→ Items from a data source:

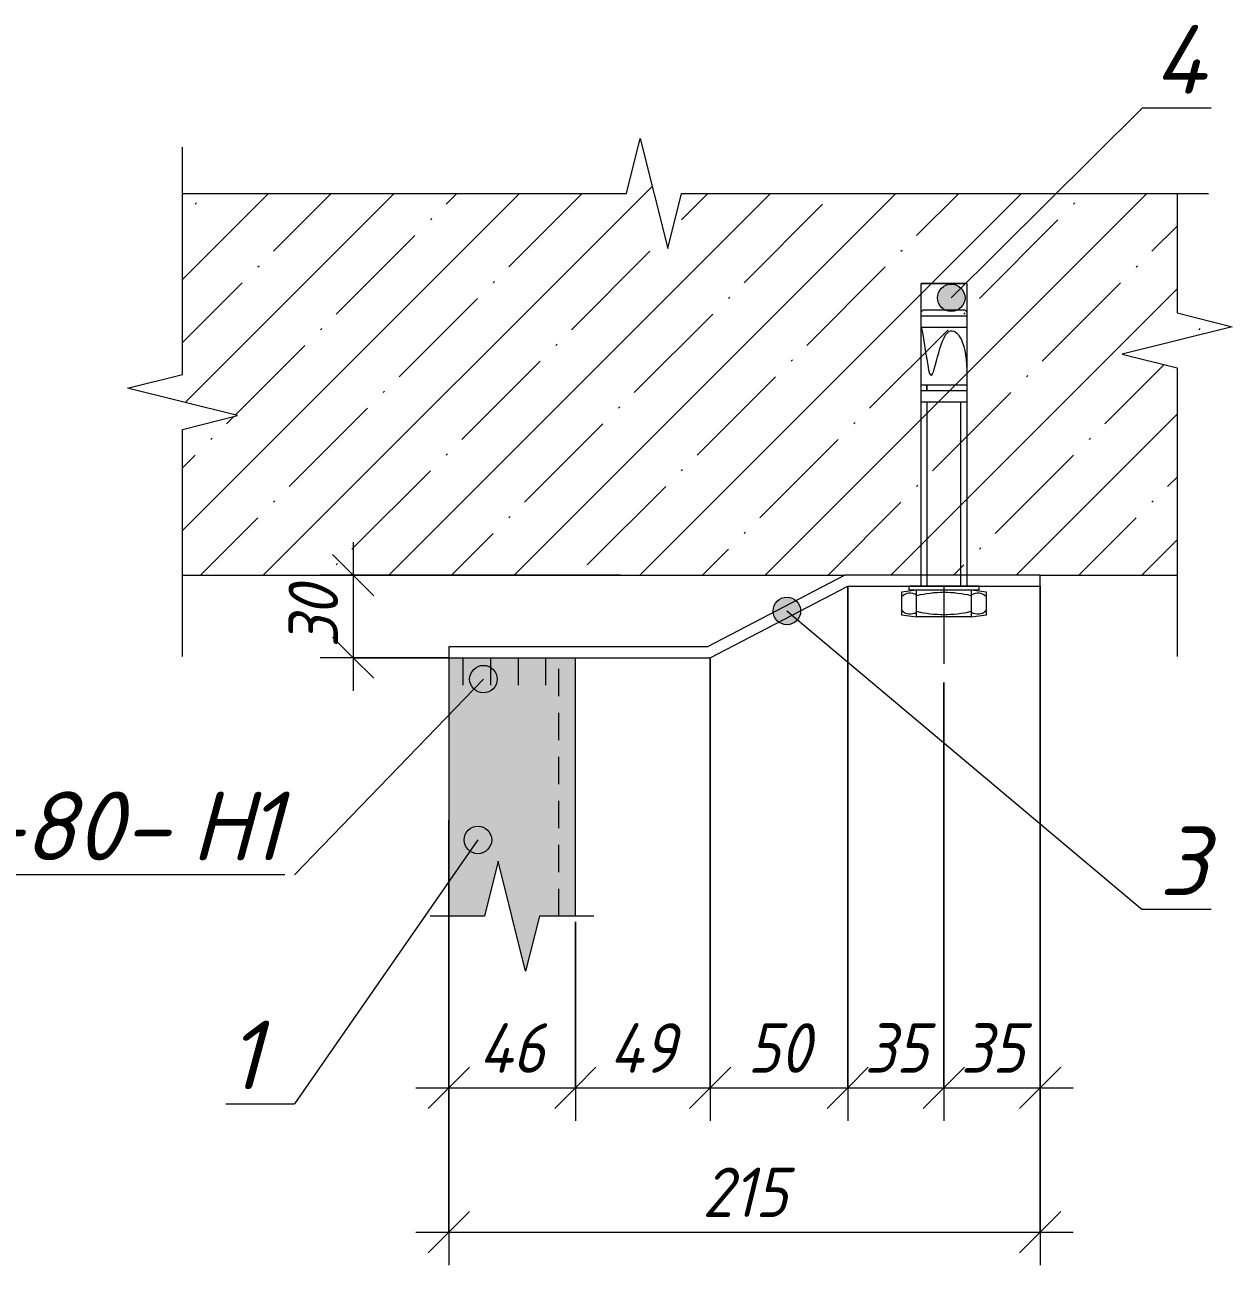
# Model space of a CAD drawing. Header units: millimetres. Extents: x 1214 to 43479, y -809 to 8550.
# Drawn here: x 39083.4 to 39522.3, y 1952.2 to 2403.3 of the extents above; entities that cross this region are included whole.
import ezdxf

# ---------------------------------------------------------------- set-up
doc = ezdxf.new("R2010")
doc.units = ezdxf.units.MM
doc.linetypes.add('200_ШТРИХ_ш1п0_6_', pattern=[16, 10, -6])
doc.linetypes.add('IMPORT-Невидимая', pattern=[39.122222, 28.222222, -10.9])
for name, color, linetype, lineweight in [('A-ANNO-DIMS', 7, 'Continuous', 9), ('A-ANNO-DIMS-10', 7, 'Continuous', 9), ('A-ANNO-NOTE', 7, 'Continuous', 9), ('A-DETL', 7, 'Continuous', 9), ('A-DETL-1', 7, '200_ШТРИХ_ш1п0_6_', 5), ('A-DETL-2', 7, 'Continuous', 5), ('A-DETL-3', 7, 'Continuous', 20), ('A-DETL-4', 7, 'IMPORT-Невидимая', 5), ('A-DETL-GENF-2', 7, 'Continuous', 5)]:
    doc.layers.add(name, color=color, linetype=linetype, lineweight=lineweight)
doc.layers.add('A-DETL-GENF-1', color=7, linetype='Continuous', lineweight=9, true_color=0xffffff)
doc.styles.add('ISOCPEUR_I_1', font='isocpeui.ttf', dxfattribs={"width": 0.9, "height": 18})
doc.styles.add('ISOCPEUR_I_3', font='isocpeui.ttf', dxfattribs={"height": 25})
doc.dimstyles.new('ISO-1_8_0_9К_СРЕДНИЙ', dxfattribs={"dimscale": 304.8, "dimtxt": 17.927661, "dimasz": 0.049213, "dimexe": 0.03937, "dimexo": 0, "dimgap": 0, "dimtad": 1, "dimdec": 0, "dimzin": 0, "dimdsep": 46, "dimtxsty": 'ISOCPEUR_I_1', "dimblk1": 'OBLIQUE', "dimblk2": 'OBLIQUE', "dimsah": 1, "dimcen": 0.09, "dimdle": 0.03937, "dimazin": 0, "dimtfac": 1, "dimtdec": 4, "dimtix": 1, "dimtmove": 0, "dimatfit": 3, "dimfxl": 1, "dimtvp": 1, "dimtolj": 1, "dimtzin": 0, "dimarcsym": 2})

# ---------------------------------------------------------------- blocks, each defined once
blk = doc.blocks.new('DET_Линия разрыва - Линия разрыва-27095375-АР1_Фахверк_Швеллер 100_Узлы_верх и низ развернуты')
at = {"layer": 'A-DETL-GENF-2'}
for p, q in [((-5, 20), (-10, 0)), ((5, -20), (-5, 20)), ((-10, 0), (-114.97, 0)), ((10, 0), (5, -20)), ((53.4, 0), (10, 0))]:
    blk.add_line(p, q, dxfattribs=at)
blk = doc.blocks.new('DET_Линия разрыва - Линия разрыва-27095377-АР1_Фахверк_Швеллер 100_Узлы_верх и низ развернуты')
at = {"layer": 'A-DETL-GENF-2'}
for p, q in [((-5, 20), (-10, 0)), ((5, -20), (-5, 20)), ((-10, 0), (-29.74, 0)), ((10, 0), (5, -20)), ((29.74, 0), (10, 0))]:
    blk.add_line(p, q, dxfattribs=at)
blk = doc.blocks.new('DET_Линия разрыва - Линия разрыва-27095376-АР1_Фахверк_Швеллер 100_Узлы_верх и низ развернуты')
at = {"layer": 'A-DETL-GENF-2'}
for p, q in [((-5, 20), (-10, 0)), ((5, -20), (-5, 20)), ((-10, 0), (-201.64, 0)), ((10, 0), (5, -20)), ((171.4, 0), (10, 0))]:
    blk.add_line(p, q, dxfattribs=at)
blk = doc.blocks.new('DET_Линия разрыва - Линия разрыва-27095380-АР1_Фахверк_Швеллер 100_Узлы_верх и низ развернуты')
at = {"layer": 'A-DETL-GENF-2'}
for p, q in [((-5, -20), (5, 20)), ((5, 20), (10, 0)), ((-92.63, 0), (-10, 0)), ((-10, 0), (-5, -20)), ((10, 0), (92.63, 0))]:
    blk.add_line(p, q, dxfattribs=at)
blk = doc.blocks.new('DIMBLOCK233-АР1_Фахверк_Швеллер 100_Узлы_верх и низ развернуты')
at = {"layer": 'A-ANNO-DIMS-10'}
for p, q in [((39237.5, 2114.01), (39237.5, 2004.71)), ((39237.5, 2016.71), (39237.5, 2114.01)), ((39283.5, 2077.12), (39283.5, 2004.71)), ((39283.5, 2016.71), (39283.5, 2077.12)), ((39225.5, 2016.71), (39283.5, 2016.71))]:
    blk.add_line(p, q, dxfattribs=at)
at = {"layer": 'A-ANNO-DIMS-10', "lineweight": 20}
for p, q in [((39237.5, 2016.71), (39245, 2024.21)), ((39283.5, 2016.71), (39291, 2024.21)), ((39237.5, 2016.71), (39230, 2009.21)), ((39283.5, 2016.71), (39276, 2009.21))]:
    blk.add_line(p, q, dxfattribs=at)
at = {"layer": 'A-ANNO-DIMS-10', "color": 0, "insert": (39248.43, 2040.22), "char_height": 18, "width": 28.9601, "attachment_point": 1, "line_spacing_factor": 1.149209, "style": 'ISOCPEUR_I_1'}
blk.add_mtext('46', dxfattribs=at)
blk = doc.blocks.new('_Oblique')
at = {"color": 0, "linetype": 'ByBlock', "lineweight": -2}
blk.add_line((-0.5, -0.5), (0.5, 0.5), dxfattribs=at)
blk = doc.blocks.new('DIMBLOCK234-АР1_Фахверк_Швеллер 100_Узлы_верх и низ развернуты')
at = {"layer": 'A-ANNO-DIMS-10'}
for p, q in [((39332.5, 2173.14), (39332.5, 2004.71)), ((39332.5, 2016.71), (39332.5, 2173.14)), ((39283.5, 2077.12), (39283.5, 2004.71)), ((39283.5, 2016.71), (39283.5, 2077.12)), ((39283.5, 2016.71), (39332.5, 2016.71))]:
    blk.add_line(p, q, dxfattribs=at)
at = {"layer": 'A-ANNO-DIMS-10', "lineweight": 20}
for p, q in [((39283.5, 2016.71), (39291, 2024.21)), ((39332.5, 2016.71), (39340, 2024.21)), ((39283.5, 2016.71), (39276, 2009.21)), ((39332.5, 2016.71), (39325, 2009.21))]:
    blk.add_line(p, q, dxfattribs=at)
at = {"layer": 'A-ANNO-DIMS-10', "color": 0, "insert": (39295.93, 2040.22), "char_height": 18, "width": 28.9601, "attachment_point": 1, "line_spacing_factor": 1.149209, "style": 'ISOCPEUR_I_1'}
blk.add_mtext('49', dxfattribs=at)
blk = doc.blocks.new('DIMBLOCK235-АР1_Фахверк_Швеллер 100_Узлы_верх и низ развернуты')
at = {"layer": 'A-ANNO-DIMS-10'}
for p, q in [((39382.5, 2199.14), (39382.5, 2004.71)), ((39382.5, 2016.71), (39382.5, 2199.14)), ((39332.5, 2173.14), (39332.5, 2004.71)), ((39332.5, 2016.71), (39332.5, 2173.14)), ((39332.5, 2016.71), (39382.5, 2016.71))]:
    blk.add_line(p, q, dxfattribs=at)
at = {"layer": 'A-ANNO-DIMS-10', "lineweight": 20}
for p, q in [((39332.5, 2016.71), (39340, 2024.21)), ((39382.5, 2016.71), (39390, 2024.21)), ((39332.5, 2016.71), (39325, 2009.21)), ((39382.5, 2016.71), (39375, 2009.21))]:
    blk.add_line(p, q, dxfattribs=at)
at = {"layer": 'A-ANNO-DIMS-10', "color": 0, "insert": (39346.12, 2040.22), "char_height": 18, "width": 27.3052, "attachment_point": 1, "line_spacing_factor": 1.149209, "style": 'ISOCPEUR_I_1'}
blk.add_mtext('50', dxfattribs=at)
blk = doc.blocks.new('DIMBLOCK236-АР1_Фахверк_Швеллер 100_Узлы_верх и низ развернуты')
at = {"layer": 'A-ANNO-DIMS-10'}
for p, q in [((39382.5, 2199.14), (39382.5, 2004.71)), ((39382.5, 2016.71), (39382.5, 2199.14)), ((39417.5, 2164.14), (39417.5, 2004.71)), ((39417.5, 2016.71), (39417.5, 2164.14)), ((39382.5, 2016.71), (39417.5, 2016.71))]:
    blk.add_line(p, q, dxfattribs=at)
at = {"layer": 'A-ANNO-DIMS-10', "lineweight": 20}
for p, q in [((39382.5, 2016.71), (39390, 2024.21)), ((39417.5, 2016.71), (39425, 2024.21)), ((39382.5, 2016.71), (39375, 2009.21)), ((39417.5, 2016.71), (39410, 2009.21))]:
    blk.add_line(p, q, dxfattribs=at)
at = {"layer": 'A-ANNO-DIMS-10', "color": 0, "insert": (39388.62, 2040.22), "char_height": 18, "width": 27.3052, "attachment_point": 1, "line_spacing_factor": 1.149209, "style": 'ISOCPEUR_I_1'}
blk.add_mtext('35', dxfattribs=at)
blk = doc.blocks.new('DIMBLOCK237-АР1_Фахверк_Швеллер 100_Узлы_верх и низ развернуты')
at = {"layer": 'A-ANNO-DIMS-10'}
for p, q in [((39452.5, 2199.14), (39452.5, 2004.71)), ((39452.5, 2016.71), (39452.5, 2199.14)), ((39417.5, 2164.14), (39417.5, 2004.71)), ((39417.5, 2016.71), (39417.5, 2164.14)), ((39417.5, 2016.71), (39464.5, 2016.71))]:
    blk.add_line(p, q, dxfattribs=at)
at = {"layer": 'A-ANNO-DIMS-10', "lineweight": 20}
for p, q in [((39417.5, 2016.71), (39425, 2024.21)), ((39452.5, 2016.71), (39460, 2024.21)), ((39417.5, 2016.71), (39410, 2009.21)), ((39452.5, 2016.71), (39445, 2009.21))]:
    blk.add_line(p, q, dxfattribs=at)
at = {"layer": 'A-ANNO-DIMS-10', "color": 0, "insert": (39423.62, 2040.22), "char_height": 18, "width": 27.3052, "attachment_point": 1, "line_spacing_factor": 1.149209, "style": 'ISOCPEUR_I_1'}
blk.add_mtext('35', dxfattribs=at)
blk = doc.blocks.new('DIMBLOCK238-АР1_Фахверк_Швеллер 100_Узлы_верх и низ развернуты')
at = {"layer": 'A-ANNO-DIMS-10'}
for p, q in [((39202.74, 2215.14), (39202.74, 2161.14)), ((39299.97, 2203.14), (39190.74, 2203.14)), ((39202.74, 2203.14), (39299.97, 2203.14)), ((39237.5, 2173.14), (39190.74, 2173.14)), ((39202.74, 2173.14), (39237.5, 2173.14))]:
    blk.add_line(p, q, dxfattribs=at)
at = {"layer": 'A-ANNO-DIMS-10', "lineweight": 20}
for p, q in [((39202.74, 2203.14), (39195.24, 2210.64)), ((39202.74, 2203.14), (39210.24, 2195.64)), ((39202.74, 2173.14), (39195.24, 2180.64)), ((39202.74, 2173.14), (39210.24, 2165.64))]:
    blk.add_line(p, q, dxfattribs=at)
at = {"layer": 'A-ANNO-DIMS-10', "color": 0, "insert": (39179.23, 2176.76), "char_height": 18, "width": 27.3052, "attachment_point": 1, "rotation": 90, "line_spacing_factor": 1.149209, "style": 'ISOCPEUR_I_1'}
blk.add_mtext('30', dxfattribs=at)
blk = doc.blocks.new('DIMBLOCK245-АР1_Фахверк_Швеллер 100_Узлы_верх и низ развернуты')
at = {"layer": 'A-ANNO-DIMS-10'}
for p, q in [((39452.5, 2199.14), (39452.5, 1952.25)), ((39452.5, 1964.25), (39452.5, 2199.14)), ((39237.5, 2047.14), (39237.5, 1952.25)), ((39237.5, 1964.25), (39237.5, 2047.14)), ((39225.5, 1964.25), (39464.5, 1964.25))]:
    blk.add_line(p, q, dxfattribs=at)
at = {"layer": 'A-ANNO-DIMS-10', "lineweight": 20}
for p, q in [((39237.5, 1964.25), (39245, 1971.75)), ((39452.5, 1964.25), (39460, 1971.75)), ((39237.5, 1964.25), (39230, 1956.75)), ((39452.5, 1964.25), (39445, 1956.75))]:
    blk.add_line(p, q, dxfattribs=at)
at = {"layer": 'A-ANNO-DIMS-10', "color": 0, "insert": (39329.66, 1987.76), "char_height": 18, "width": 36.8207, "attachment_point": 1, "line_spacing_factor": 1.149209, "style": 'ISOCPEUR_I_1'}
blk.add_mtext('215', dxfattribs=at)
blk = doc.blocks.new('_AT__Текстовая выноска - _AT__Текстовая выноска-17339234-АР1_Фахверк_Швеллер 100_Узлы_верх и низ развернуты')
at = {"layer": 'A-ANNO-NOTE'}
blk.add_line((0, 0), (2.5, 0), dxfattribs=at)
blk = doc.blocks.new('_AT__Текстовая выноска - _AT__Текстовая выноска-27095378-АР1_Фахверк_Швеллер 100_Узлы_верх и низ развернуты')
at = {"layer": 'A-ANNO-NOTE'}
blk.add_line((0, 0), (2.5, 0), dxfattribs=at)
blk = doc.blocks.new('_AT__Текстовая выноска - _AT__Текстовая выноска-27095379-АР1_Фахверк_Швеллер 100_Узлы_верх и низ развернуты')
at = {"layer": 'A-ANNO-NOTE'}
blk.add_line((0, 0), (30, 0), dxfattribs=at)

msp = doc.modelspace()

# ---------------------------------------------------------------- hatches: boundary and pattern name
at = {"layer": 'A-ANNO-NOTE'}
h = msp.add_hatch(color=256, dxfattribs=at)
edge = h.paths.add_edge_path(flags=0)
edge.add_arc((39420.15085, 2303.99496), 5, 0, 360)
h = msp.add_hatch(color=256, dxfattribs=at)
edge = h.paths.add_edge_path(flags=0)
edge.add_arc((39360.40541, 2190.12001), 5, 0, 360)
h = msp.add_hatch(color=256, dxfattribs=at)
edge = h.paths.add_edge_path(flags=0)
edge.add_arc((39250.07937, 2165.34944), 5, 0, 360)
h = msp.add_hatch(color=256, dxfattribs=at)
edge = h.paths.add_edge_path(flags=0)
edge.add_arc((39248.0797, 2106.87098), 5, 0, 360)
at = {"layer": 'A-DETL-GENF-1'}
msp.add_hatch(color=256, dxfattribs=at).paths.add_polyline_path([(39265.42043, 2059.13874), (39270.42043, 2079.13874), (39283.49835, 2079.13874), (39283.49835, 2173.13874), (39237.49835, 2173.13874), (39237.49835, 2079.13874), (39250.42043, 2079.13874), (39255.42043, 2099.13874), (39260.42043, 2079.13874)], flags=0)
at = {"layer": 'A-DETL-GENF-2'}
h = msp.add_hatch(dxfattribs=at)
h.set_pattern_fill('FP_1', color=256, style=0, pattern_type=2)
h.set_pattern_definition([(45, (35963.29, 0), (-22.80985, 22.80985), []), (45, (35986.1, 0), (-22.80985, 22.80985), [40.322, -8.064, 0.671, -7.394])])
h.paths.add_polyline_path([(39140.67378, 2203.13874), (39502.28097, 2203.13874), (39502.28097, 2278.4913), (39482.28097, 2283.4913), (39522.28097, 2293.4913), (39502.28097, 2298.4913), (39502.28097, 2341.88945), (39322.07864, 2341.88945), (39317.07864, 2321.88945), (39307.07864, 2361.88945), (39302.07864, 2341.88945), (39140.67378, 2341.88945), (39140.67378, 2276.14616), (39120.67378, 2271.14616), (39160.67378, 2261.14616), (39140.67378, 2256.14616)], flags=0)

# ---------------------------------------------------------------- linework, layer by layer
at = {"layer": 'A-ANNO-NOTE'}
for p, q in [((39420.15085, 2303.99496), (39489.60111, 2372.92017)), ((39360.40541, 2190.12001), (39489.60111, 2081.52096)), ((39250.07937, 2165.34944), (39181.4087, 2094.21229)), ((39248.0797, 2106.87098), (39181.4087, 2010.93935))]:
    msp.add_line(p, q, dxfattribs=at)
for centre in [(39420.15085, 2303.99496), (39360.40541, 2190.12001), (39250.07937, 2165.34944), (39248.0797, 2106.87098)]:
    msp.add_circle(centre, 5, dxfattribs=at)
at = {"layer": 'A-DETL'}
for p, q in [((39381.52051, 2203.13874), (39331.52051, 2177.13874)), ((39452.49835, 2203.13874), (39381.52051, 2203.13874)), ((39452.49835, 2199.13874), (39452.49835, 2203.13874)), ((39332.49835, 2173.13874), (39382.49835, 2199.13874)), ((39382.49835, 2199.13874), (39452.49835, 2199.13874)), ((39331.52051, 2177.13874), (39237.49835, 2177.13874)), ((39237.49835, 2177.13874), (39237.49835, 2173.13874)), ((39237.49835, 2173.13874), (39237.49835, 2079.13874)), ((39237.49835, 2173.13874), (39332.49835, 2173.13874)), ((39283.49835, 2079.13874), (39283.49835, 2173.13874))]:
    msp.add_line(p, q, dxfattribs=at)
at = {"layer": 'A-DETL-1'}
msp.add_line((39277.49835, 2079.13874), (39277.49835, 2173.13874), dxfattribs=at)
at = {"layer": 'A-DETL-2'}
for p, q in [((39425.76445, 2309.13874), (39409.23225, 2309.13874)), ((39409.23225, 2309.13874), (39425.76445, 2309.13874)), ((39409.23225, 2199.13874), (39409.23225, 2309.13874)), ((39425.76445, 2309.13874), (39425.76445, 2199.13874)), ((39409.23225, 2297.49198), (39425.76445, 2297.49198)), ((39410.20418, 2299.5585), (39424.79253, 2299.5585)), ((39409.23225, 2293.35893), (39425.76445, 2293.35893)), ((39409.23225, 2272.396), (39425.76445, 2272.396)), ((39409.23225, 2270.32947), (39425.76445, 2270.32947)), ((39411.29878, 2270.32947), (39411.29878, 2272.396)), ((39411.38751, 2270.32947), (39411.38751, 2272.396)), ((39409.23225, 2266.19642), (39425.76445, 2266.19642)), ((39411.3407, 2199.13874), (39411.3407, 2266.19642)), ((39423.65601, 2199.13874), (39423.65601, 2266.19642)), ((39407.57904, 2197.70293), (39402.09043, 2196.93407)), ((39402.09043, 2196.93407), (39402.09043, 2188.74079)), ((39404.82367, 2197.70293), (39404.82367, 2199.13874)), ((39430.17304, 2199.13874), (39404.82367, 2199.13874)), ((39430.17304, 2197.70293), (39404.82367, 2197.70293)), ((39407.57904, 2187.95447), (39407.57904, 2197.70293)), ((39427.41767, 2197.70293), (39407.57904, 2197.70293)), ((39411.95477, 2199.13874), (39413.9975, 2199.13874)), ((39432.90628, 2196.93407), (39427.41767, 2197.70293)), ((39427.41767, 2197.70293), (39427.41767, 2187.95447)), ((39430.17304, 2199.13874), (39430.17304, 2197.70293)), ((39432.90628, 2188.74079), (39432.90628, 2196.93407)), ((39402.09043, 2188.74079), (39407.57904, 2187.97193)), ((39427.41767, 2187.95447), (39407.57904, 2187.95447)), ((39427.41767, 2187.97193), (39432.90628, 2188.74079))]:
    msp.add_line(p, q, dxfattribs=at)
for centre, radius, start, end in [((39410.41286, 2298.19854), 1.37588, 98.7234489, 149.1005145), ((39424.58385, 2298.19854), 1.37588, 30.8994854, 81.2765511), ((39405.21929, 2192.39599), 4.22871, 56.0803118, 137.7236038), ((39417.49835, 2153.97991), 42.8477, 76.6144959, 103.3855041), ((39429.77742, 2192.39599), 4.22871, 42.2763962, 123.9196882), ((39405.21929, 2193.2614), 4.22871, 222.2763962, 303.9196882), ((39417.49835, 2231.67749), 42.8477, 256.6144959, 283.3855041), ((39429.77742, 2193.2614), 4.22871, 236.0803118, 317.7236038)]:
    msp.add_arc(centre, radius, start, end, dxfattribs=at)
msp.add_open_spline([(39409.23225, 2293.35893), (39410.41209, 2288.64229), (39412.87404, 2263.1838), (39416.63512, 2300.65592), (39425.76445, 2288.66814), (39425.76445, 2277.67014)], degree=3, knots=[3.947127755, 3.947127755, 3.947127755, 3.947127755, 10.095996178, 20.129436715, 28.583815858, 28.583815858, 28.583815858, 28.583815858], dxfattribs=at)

→ EXERCISE BRIEF:
Select every line above that contains the word "layers", and copy it.

→ REPLY:
    doc.layers.add(name, color=color, linetype=linetype, lineweight=lineweight)
doc.layers.add('A-DETL-GENF-1', color=7, linetype='Continuous', lineweight=9, true_color=0xffffff)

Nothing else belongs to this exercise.